For the entries below, the result should be an exact transcription of the lines from the one with "#33=ORIENTED_EDGE('',*,*,#32,.F.);" up to and including the one with "#43=VECTOR('',#42,1.);", and only those.

(Data entries)

____________________

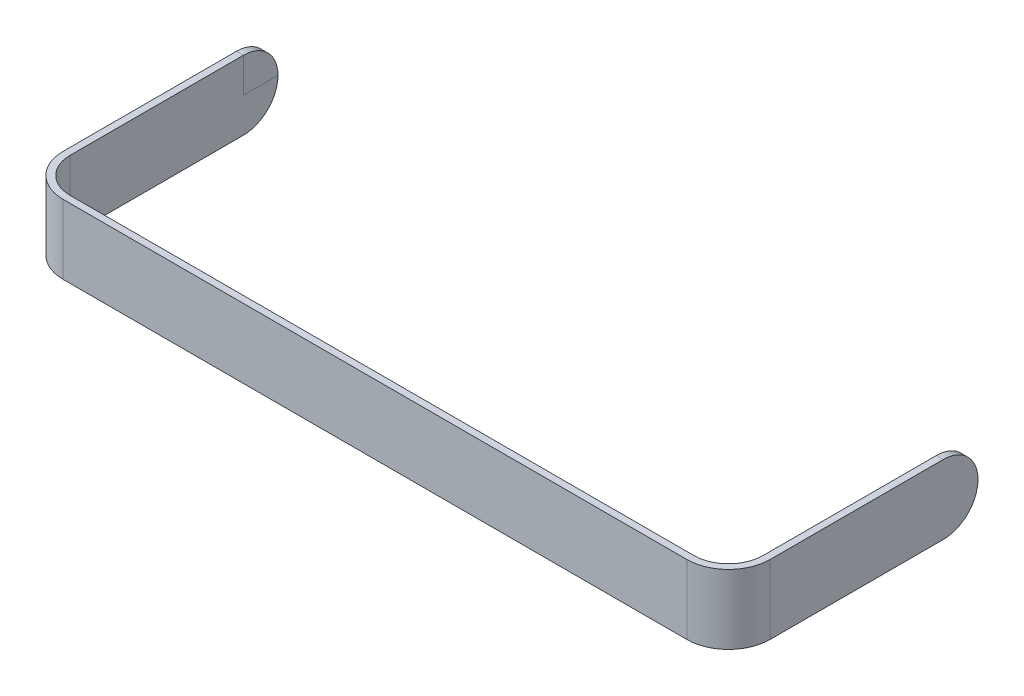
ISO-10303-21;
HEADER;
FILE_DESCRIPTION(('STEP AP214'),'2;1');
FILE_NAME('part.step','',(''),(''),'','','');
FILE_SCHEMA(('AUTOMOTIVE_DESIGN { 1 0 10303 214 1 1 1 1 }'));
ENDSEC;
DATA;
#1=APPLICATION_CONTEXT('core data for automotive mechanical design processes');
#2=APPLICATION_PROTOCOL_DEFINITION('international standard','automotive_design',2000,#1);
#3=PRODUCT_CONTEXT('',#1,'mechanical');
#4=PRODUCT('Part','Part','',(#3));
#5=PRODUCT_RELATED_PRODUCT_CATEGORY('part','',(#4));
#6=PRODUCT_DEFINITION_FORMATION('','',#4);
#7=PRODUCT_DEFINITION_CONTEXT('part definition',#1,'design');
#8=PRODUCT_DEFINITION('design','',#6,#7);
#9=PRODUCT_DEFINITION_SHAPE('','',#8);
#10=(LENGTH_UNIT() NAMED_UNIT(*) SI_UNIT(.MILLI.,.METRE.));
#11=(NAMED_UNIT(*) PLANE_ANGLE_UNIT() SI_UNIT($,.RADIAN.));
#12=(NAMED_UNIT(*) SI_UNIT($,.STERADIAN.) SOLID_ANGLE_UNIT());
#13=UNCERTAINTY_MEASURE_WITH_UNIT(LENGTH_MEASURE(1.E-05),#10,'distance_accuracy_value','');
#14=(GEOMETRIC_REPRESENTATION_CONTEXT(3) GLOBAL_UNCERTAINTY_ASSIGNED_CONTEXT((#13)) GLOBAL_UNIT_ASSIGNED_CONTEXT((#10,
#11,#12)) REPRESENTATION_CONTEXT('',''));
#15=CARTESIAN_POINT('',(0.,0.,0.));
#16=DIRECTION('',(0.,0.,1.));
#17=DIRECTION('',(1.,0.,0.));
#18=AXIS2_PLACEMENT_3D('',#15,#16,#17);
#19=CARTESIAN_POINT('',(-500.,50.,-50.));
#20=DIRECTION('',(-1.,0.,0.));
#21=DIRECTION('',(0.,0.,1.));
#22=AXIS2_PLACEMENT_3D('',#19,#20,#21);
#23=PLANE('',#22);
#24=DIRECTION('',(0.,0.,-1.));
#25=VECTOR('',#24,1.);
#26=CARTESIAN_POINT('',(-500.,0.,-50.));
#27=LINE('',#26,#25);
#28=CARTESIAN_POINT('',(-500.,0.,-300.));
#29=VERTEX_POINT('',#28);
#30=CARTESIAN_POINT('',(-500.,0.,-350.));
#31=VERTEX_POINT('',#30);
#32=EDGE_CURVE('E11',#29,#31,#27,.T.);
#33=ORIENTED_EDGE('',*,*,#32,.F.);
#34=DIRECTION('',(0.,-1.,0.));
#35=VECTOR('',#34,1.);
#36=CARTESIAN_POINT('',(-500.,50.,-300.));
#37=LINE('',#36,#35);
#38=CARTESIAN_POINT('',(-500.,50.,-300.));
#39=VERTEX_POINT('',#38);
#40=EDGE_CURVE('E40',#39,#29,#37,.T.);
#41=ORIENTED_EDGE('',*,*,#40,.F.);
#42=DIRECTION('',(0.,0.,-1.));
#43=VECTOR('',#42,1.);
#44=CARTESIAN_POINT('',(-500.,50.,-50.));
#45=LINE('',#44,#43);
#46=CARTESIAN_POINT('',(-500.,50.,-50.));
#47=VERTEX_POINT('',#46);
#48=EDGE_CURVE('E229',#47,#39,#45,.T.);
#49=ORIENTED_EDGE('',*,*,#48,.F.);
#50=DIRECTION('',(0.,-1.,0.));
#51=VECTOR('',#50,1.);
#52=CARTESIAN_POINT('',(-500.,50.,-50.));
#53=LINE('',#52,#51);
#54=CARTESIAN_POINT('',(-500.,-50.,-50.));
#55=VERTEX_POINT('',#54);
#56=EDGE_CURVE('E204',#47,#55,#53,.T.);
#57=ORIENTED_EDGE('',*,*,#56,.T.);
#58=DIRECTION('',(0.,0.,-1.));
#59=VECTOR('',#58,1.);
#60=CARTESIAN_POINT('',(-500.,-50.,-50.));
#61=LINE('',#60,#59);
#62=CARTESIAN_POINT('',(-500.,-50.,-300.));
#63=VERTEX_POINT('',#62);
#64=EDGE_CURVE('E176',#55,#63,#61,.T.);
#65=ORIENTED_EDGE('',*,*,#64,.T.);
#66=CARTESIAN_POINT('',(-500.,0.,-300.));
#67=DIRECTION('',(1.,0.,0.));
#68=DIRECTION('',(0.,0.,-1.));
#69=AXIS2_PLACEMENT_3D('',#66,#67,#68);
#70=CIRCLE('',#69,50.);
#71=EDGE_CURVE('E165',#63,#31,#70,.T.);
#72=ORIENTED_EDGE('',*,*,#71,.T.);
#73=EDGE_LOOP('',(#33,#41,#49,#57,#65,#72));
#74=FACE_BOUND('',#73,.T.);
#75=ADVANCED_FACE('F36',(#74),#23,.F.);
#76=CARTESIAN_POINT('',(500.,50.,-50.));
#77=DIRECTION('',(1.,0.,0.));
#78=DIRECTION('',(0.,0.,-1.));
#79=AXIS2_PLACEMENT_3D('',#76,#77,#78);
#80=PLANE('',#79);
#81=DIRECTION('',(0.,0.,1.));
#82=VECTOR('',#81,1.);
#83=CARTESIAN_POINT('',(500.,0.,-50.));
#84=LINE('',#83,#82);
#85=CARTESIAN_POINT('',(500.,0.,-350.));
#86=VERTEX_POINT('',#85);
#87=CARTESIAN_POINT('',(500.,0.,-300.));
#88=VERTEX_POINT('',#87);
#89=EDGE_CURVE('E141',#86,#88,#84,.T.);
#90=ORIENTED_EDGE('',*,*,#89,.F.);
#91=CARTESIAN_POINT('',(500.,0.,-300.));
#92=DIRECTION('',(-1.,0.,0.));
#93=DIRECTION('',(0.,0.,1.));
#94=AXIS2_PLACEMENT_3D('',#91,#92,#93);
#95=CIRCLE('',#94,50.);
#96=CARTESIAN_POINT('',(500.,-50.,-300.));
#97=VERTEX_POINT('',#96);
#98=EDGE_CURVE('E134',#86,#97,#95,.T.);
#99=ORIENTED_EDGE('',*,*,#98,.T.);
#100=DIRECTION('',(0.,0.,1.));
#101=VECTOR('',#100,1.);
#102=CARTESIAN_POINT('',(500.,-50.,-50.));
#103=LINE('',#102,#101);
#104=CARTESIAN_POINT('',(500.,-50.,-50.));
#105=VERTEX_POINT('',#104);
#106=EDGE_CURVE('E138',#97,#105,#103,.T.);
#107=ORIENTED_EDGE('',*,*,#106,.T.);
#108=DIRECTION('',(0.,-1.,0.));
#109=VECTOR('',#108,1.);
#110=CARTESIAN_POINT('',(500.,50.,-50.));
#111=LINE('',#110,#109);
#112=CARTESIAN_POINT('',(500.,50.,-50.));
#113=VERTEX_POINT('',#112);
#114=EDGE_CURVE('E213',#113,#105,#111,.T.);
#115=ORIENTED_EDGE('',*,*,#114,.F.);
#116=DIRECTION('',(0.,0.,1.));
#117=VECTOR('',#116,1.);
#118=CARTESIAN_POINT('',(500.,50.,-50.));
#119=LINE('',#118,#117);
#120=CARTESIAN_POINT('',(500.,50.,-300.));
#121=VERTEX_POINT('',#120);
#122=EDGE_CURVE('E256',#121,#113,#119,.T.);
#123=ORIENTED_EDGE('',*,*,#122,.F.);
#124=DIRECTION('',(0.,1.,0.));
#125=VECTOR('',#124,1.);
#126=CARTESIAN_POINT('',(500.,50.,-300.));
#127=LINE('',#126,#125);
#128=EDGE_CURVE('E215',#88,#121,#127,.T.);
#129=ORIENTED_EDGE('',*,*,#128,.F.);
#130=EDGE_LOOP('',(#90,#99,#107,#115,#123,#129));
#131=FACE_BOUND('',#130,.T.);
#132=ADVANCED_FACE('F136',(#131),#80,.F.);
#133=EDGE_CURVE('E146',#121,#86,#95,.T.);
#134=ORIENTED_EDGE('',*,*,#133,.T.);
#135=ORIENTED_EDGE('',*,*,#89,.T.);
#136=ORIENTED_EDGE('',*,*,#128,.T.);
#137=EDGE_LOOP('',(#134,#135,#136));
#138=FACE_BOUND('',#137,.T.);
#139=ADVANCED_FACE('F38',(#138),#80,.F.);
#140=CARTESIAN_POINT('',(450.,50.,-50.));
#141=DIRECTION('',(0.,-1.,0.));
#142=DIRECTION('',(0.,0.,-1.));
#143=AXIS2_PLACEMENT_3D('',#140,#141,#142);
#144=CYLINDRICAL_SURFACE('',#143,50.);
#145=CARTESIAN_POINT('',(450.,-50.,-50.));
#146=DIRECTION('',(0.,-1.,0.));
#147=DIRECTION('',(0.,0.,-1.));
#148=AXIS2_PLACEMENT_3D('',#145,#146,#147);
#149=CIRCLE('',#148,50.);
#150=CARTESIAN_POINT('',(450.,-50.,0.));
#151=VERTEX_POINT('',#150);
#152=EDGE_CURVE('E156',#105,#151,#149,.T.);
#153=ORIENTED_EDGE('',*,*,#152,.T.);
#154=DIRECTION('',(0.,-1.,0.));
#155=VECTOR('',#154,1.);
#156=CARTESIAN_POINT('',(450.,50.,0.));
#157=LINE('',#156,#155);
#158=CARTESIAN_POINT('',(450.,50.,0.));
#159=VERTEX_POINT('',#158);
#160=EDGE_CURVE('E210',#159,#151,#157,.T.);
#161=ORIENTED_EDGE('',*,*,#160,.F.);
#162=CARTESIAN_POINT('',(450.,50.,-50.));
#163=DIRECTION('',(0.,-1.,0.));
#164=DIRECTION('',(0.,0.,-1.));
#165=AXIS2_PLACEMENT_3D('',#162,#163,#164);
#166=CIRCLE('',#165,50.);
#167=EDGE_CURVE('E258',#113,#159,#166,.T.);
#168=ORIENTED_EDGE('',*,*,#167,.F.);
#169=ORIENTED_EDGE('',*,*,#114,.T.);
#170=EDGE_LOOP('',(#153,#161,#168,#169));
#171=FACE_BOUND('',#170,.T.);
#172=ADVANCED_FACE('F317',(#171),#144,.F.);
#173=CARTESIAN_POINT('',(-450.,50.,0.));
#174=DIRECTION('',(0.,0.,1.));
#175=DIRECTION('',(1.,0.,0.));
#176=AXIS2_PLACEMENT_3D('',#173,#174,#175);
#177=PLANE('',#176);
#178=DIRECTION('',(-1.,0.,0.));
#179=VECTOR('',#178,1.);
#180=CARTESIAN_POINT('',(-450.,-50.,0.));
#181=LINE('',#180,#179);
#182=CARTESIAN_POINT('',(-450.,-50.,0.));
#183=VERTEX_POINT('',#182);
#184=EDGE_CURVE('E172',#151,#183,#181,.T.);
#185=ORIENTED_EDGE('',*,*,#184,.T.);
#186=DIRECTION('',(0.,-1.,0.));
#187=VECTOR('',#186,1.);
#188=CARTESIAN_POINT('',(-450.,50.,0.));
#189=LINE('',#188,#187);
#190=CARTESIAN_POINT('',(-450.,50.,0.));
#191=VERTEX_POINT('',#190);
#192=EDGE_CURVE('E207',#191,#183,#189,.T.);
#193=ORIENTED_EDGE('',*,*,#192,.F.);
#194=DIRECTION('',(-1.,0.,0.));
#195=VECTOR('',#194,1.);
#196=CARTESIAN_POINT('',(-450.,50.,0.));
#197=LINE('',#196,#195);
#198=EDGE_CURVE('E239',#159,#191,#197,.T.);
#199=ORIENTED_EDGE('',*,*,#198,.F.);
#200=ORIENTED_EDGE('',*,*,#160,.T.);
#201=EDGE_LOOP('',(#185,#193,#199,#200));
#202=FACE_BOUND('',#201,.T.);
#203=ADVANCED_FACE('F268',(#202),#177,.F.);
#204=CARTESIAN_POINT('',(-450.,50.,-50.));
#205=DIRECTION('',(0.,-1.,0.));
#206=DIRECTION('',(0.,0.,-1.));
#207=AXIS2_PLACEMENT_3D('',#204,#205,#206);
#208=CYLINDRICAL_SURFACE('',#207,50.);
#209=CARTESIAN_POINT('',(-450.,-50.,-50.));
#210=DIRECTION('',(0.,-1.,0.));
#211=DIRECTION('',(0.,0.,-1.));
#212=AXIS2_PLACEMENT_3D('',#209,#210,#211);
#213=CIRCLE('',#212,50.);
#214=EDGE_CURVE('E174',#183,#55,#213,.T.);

____________________

ANSWER:
#33=ORIENTED_EDGE('',*,*,#32,.F.);
#34=DIRECTION('',(0.,-1.,0.));
#35=VECTOR('',#34,1.);
#36=CARTESIAN_POINT('',(-500.,50.,-300.));
#37=LINE('',#36,#35);
#38=CARTESIAN_POINT('',(-500.,50.,-300.));
#39=VERTEX_POINT('',#38);
#40=EDGE_CURVE('E40',#39,#29,#37,.T.);
#41=ORIENTED_EDGE('',*,*,#40,.F.);
#42=DIRECTION('',(0.,0.,-1.));
#43=VECTOR('',#42,1.);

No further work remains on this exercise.